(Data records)
# # # #

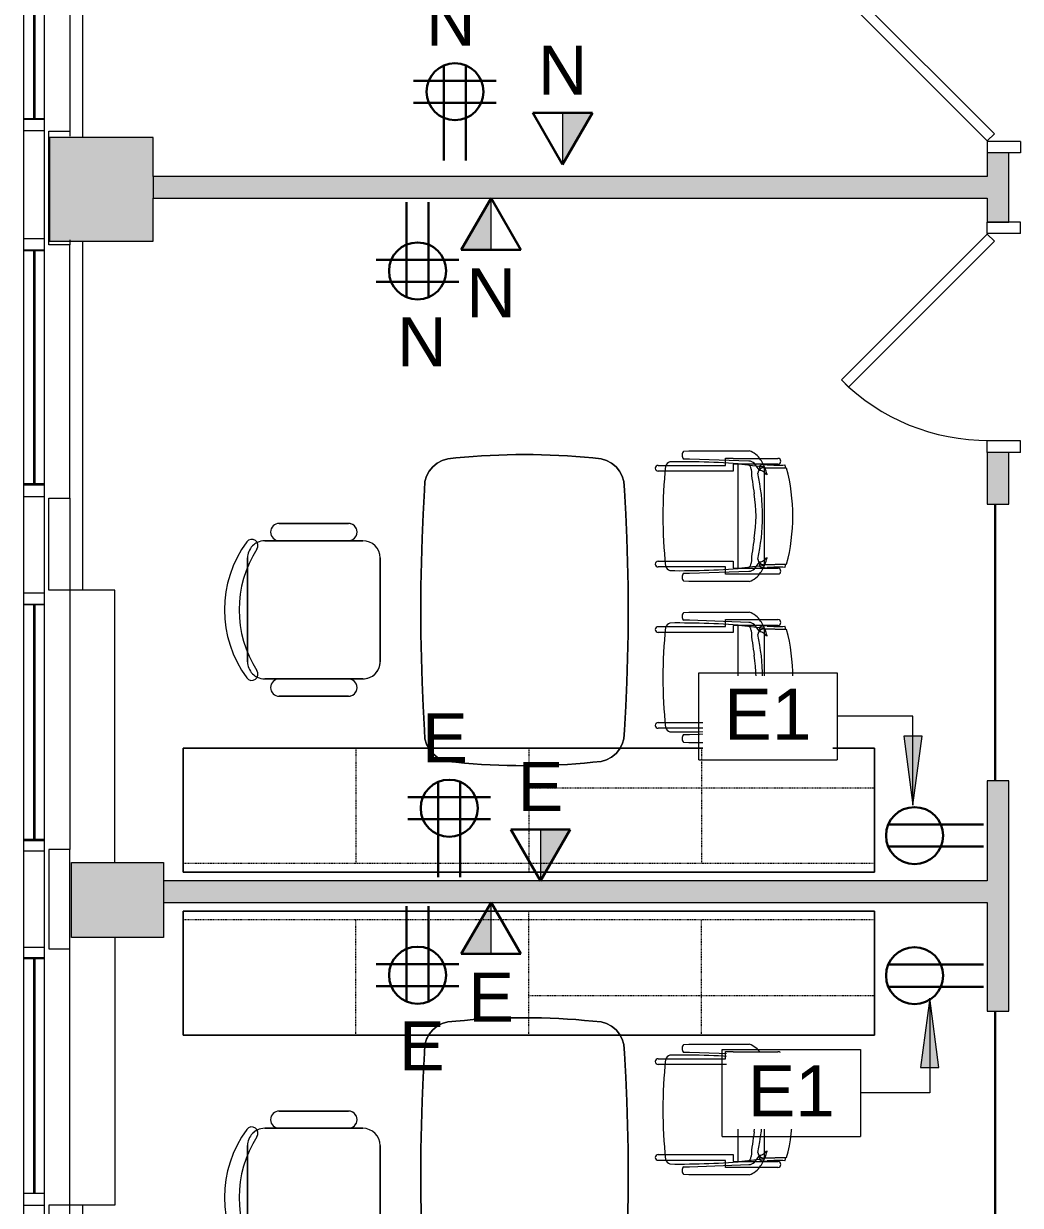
# Model space of a CAD drawing. Header units: inches. Extents: x 395 to 1878, y 644 to 1756.
# Drawn here: x 442 to 615, y 1071.1 to 1276.2 of the extents above; entities that cross this region are included whole.
import ezdxf

# ---------------------------------------------------------------- set-up
doc = ezdxf.new("R2010")
doc.units = ezdxf.units.IN
doc.header["$MEASUREMENT"] = 0
doc.linetypes.add('DASH 1_32_', pattern=[0.0625, 0.03125, -0.03125])
for name, color, linetype, lineweight in [('4694_52_BB$0$BHT', 7, 'Continuous', 9), ('4694_52_BB$0$BPT', 7, 'Continuous', 9), ('9t floor LINKED_dwg', 8, 'Continuous', 9), ('A-ANNO-KEYN', 231, 'Continuous', 9), ('A-ANNO-NOTE', 131, 'Continuous', 30), ('A-DOOR', 31, 'Continuous', 13), ('A-DOOR-FRAM', 31, 'Continuous', 20), ('A-GLAZ', 151, 'Continuous', 13), ('A-WALL-PATT', 111, 'Continuous', 13), ('I-FURN', 30, 'Continuous', 9), ('I-WALL', 2, 'Continuous', 13)]:
    doc.layers.add(name, color=color, linetype=linetype, lineweight=lineweight)
doc.styles.add('Arial_2', font='arial.ttf', dxfattribs={"height": 8.851796})
doc.styles.add('Swis721 Lt BT', font='swissl.ttf', dxfattribs={"height": 8.514638})

# ---------------------------------------------------------------- blocks, each defined once
blk = doc.blocks.new('9t floor LINKED_dwg-4848483-FIRST FLOOR POWER _ SIGNAL')
at = {"layer": '4694_52_BB$0$BHT'}
h = blk.add_hatch(color=256, dxfattribs=at)
h.paths.add_polyline_path([(446.5, 870.94), (464.5, 870.94), (464.5, 888.94), (446.5, 888.94), (446.5, 874.69)], flags=0)
h.paths.add_polyline_path([(446.5, 992.5), (464.5, 992.5), (464.5, 1010.5), (446.5, 1010.5), (446.5, 1000.94)], flags=0)
h.paths.add_polyline_path([(450.28, 1117.61), (466.28, 1117.61), (466.28, 1130.61), (450.28, 1130.61), (450.28, 1123.69)], flags=0)
h.paths.add_polyline_path([(464.5, 1238.5), (464.5, 1256.5), (446.5, 1256.5), (446.5, 1238.5)], flags=0)
h.paths.add_polyline_path([(450.28, 1364.71), (466.28, 1364.71), (466.28, 1377.71), (450.28, 1377.71), (450.28, 1376.43)], flags=0)
at = {"layer": '4694_52_BB$0$BPT'}
for p, q in [((452.25, 1256.5), (452.25, 1317.11)), ((450, 1302.1), (450, 1257.61)), ((443.69, 1300.47), (443.69, 1259.72)), ((443.94, 1300.47), (443.94, 1259.72)), ((445.62, 1259.72), (442, 1259.72)), ((464.5, 1249.69), (464.5, 1256.5)), ((450, 1193.88), (450, 1237.87)), ((452.25, 1177.89), (452.25, 1238.5)), ((445.62, 1236.9), (442, 1236.9)), ((443.69, 1236.9), (443.69, 1196.15)), ((443.94, 1236.9), (443.94, 1196.15)), ((445.62, 1196.15), (442, 1196.15)), ((445.62, 1175.4), (442, 1175.4)), ((443.69, 1175.4), (443.69, 1134.65)), ((443.94, 1175.4), (443.94, 1134.65)), ((445.62, 1134.65), (442, 1134.65)), ((445.62, 1113.9), (442, 1113.9)), ((443.69, 1113.9), (443.69, 1073.15)), ((443.94, 1113.9), (443.94, 1073.15)), ((445.62, 1073.15), (442, 1073.15)), ((452.25, 1010.5), (452.25, 1071.17))]:
    blk.add_line(p, q, dxfattribs=at)
at = {"layer": '4694_52_BB$0$BPT', "flags": 128}
for points in [[(442, 1257.72), (445.62, 1257.72), (445.62, 1302.47), (442, 1302.47)], [(445.63, 1236.87), (445.63, 1259.61), (442, 1259.61), (442, 1236.87)], [(442, 1194.15), (445.62, 1194.15), (445.62, 1238.9), (442, 1238.9)], [(445.63, 1175.39), (445.63, 1196.38), (442, 1196.38), (442, 1175.39)], [(446.38, 1177.89), (446.38, 1193.88), (450, 1193.88), (450, 1177.89)], [(442, 1132.65), (445.62, 1132.65), (445.62, 1177.4), (442, 1177.4)], [(445.63, 1114.16), (445.63, 1134.4), (442, 1134.4), (442, 1114.16)], [(446.38, 1132.9), (446.38, 1115.66), (450, 1115.66), (450, 1132.9)], [(442, 1071.15), (445.62, 1071.15), (445.62, 1115.9), (442, 1115.9)]]:
    blk.add_lwpolyline(points, close=True, dxfattribs=at)
for points in [[(450, 1238.7), (450, 1237.87), (446.38, 1237.87), (446.38, 1257.61), (450, 1257.61), (450, 1256.7)], [(464.5, 1256.5), (446.5, 1256.5), (446.5, 1238.5), (464.5, 1238.5), (464.5, 1245.94)], [(457.82, 1130.72), (457.82, 1177.89), (450, 1177.89), (450, 1132.9)], [(450.28, 1130.61), (466.28, 1130.61), (466.28, 1127.44)], [(466.28, 1123.69), (466.28, 1117.61), (450.28, 1117.61), (450.28, 1130.61)], [(457.82, 1117.6), (457.82, 1071.17), (450, 1071.17), (450, 1115.66)], [(445.63, 1052.68), (445.63, 1073.17), (442, 1073.17), (442, 1052.68), (445.63, 1052.68)], [(450, 1011.69), (450, 1054.18), (450, 1071.17), (446.38, 1071.17), (446.38, 1054.18), (450, 1054.18)]]:
    blk.add_lwpolyline(points, dxfattribs=at)
blk = doc.blocks.new('Single Flush - OTJ_SOLIDFLUSH_ALUM-4928978-FIRST FLOOR POWER _ SIGNAL')
at = {"layer": 'A-DOOR', "color": 8, "lineweight": 20}
for p, q in [((-8.65, -25.96), (16.67, -0.64)), ((17.91, -1.88), (-7.42, -27.2)), ((16.67, -0.64), (17.91, -1.88)), ((-7.42, -27.2), (-8.65, -25.96))]:
    blk.add_line(p, q, dxfattribs=at)
at = {"layer": 'A-DOOR', "lineweight": 9}
blk.add_arc((17.91, -1.88), 35.81, 179.5, 225, dxfattribs=at)
at = {"layer": 'A-DOOR-FRAM', "color": 8}
for p, q in [((-20, 3.87), (-20, -1.88)), ((-20, 3.87), (-18, 3.87)), ((-18, 3.87), (-18, -1.88)), ((18, 3.87), (18, -1.88)), ((18, 3.87), (20, 3.87)), ((20, 3.87), (20, -1.88)), ((-20, -1.88), (-18, -1.88)), ((18, -1.88), (20, -1.88))]:
    blk.add_line(p, q, dxfattribs=at)
blk = doc.blocks.new('Single Flush - OTJ_SOLIDFLUSH_ALUM-4929015-FIRST FLOOR POWER _ SIGNAL')
at = {"layer": 'A-DOOR', "color": 8, "lineweight": 20}
for p, q in [((-7.42, 27.2), (-8.65, 25.96)), ((17.91, 1.87), (-7.42, 27.2)), ((-8.65, 25.96), (16.67, 0.64)), ((16.67, 0.64), (17.91, 1.87))]:
    blk.add_line(p, q, dxfattribs=at)
at = {"layer": 'A-DOOR', "lineweight": 9}
blk.add_arc((17.91, 1.87), 35.81, 135, 180.5, dxfattribs=at)
at = {"layer": 'A-DOOR-FRAM', "color": 8}
for p, q in [((-20, -3.87), (-20, 1.87)), ((-20, 1.87), (-18, 1.87)), ((-18, -3.87), (-18, 1.87)), ((18, -3.87), (18, 1.87)), ((18, 1.87), (20, 1.87)), ((20, -3.87), (20, 1.87)), ((-20, -3.87), (-18, -3.87)), ((18, -3.87), (20, -3.87))]:
    blk.add_line(p, q, dxfattribs=at)
blk = doc.blocks.new('Frameless opening with glazing - 48_ x 96_-4931144-FIRST FLOOR POWER _ SIGNAL')
at = {"layer": 'A-GLAZ', "lineweight": 30}
blk.add_line((-25.5, -0.5), (22.5, -0.5), dxfattribs=at)
blk = doc.blocks.new('T-Shaped Desk 4 - T-Shaped Desk 1-4945659-FIRST FLOOR POWER _ SIGNAL')
at = {"layer": 'I-FURN'}
for p, q in [((610.19, 829.81), (490.19, 829.81)), ((490.19, 829.81), (490.19, 808.31)), ((490.19, 808.31), (490.19, 829.81)), ((490.19, 829.81), (610.19, 829.81)), ((610.19, 808.31), (610.19, 829.81)), ((610.19, 829.81), (610.19, 808.31)), ((535.18, 810.29), (534.31, 809.83)), ((534.31, 809.83), (535.18, 810.29)), ((536.12, 810.58), (535.18, 810.29)), ((535.18, 810.29), (536.12, 810.58)), ((537.55, 810.73), (536.12, 810.58)), ((536.12, 810.58), (537.55, 810.73)), ((539.04, 810.86), (537.55, 810.73)), ((537.55, 810.73), (539.04, 810.86)), ((540.52, 810.98), (539.04, 810.86)), ((539.04, 810.86), (540.52, 810.98)), ((542.01, 811.08), (540.52, 810.98)), ((540.52, 810.98), (542.01, 811.08)), ((543.49, 811.16), (542.01, 811.08)), ((542.01, 811.08), (543.49, 811.16)), ((544.98, 811.23), (543.49, 811.16)), ((543.49, 811.16), (544.98, 811.23)), ((546.47, 811.27), (544.98, 811.23)), ((544.98, 811.23), (546.47, 811.27)), ((547.96, 811.3), (546.47, 811.27)), ((546.47, 811.27), (547.96, 811.3)), ((549.45, 811.31), (547.96, 811.3)), ((547.96, 811.3), (549.45, 811.31)), ((550.94, 811.3), (549.45, 811.31)), ((549.45, 811.31), (550.94, 811.3)), ((552.42, 811.27), (550.94, 811.3)), ((550.94, 811.3), (552.42, 811.27)), ((553.91, 811.23), (552.42, 811.27)), ((552.42, 811.27), (553.91, 811.23)), ((555.4, 811.16), (553.91, 811.23)), ((553.91, 811.23), (555.4, 811.16)), ((556.89, 811.08), (555.4, 811.16)), ((555.4, 811.16), (556.89, 811.08)), ((558.37, 810.98), (556.89, 811.08)), ((556.89, 811.08), (558.37, 810.98)), ((559.86, 810.86), (558.37, 810.98)), ((558.37, 810.98), (559.86, 810.86)), ((561.34, 810.73), (559.86, 810.86)), ((559.86, 810.86), (561.34, 810.73)), ((562.77, 810.58), (561.34, 810.73)), ((561.34, 810.73), (562.77, 810.58)), ((563.71, 810.29), (562.77, 810.58)), ((562.77, 810.58), (563.71, 810.29)), ((564.58, 809.83), (563.71, 810.29)), ((563.71, 810.29), (564.58, 809.83)), ((490.19, 808.31), (610.19, 808.31)), ((532.85, 808.31), (490.19, 808.31)), ((532.93, 808.45), (532.47, 807.58)), ((532.47, 807.58), (532.85, 808.31)), ((532.85, 808.31), (532.93, 808.45)), ((566.04, 808.31), (532.85, 808.31)), ((533.55, 809.2), (532.93, 808.45)), ((532.93, 808.45), (533.55, 809.2)), ((534.31, 809.83), (533.55, 809.2)), ((533.55, 809.2), (534.31, 809.83)), ((565.34, 809.2), (564.58, 809.83)), ((564.58, 809.83), (565.34, 809.2)), ((565.96, 808.45), (565.34, 809.2)), ((565.34, 809.2), (565.96, 808.45)), ((566.43, 807.58), (565.96, 808.45)), ((565.96, 808.45), (566.04, 808.31)), ((566.04, 808.31), (566.43, 807.58)), ((610.19, 808.31), (566.04, 808.31)), ((532.18, 806.64), (532.09, 805.15)), ((532.09, 805.15), (532.18, 806.64)), ((532.47, 807.58), (532.18, 806.64)), ((532.18, 806.64), (532.47, 807.58)), ((566.71, 806.64), (566.43, 807.58)), ((566.43, 807.58), (566.71, 806.64)), ((566.81, 805.15), (566.71, 806.64)), ((566.71, 806.64), (566.81, 805.15)), ((532.09, 805.15), (531.86, 800.99)), ((531.86, 800.99), (532.09, 805.15)), ((567.04, 800.99), (566.81, 805.15)), ((566.81, 805.15), (567.04, 800.99)), ((531.86, 800.99), (531.68, 796.82)), ((531.68, 796.82), (531.86, 800.99)), ((567.22, 796.82), (567.04, 800.99)), ((567.04, 800.99), (567.22, 796.82)), ((531.68, 796.82), (531.55, 792.65)), ((531.55, 792.65), (531.68, 796.82)), ((567.34, 792.65), (567.22, 796.82)), ((567.22, 796.82), (567.34, 792.65)), ((531.55, 792.65), (531.47, 788.48)), ((531.47, 788.48), (531.55, 792.65)), ((567.42, 788.48), (567.34, 792.65)), ((567.34, 792.65), (567.42, 788.48)), ((531.47, 788.48), (531.45, 784.31)), ((531.45, 784.31), (531.47, 788.48)), ((567.45, 784.31), (567.42, 788.48)), ((567.42, 788.48), (567.45, 784.31)), ((531.45, 784.31), (531.47, 780.14)), ((531.47, 780.14), (531.45, 784.31)), ((567.42, 780.14), (567.45, 784.31)), ((567.45, 784.31), (567.42, 780.14)), ((531.47, 780.14), (531.55, 775.97)), ((531.55, 775.97), (531.47, 780.14)), ((567.34, 775.97), (567.42, 780.14)), ((567.42, 780.14), (567.34, 775.97)), ((531.55, 775.97), (531.68, 771.8)), ((531.68, 771.8), (531.55, 775.97)), ((567.22, 771.8), (567.34, 775.97)), ((567.34, 775.97), (567.22, 771.8)), ((531.68, 771.8), (531.86, 767.63)), ((531.86, 767.63), (531.68, 771.8)), ((567.04, 767.63), (567.22, 771.8)), ((567.22, 771.8), (567.04, 767.63)), ((531.86, 767.63), (532.09, 763.47)), ((532.09, 763.47), (531.86, 767.63)), ((566.81, 763.47), (567.04, 767.63)), ((567.04, 767.63), (566.81, 763.47)), ((532.09, 763.47), (532.18, 761.98)), ((532.18, 761.98), (532.09, 763.47)), ((566.71, 761.98), (566.81, 763.47)), ((566.81, 763.47), (566.71, 761.98)), ((532.18, 761.98), (532.47, 761.04)), ((532.47, 761.04), (532.18, 761.98)), ((566.43, 761.04), (566.71, 761.98)), ((566.71, 761.98), (566.43, 761.04)), ((532.47, 761.04), (532.93, 760.18)), ((532.93, 760.18), (532.47, 761.04)), ((532.93, 760.18), (533.55, 759.42)), ((533.55, 759.42), (532.93, 760.18)), ((533.55, 759.42), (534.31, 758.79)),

# # # #

● **Work request**
When a line of the records holds the word "Flush", copy that line.

● **Your solution**
blk = doc.blocks.new('Single Flush - OTJ_SOLIDFLUSH_ALUM-4928978-FIRST FLOOR POWER _ SIGNAL')
blk = doc.blocks.new('Single Flush - OTJ_SOLIDFLUSH_ALUM-4929015-FIRST FLOOR POWER _ SIGNAL')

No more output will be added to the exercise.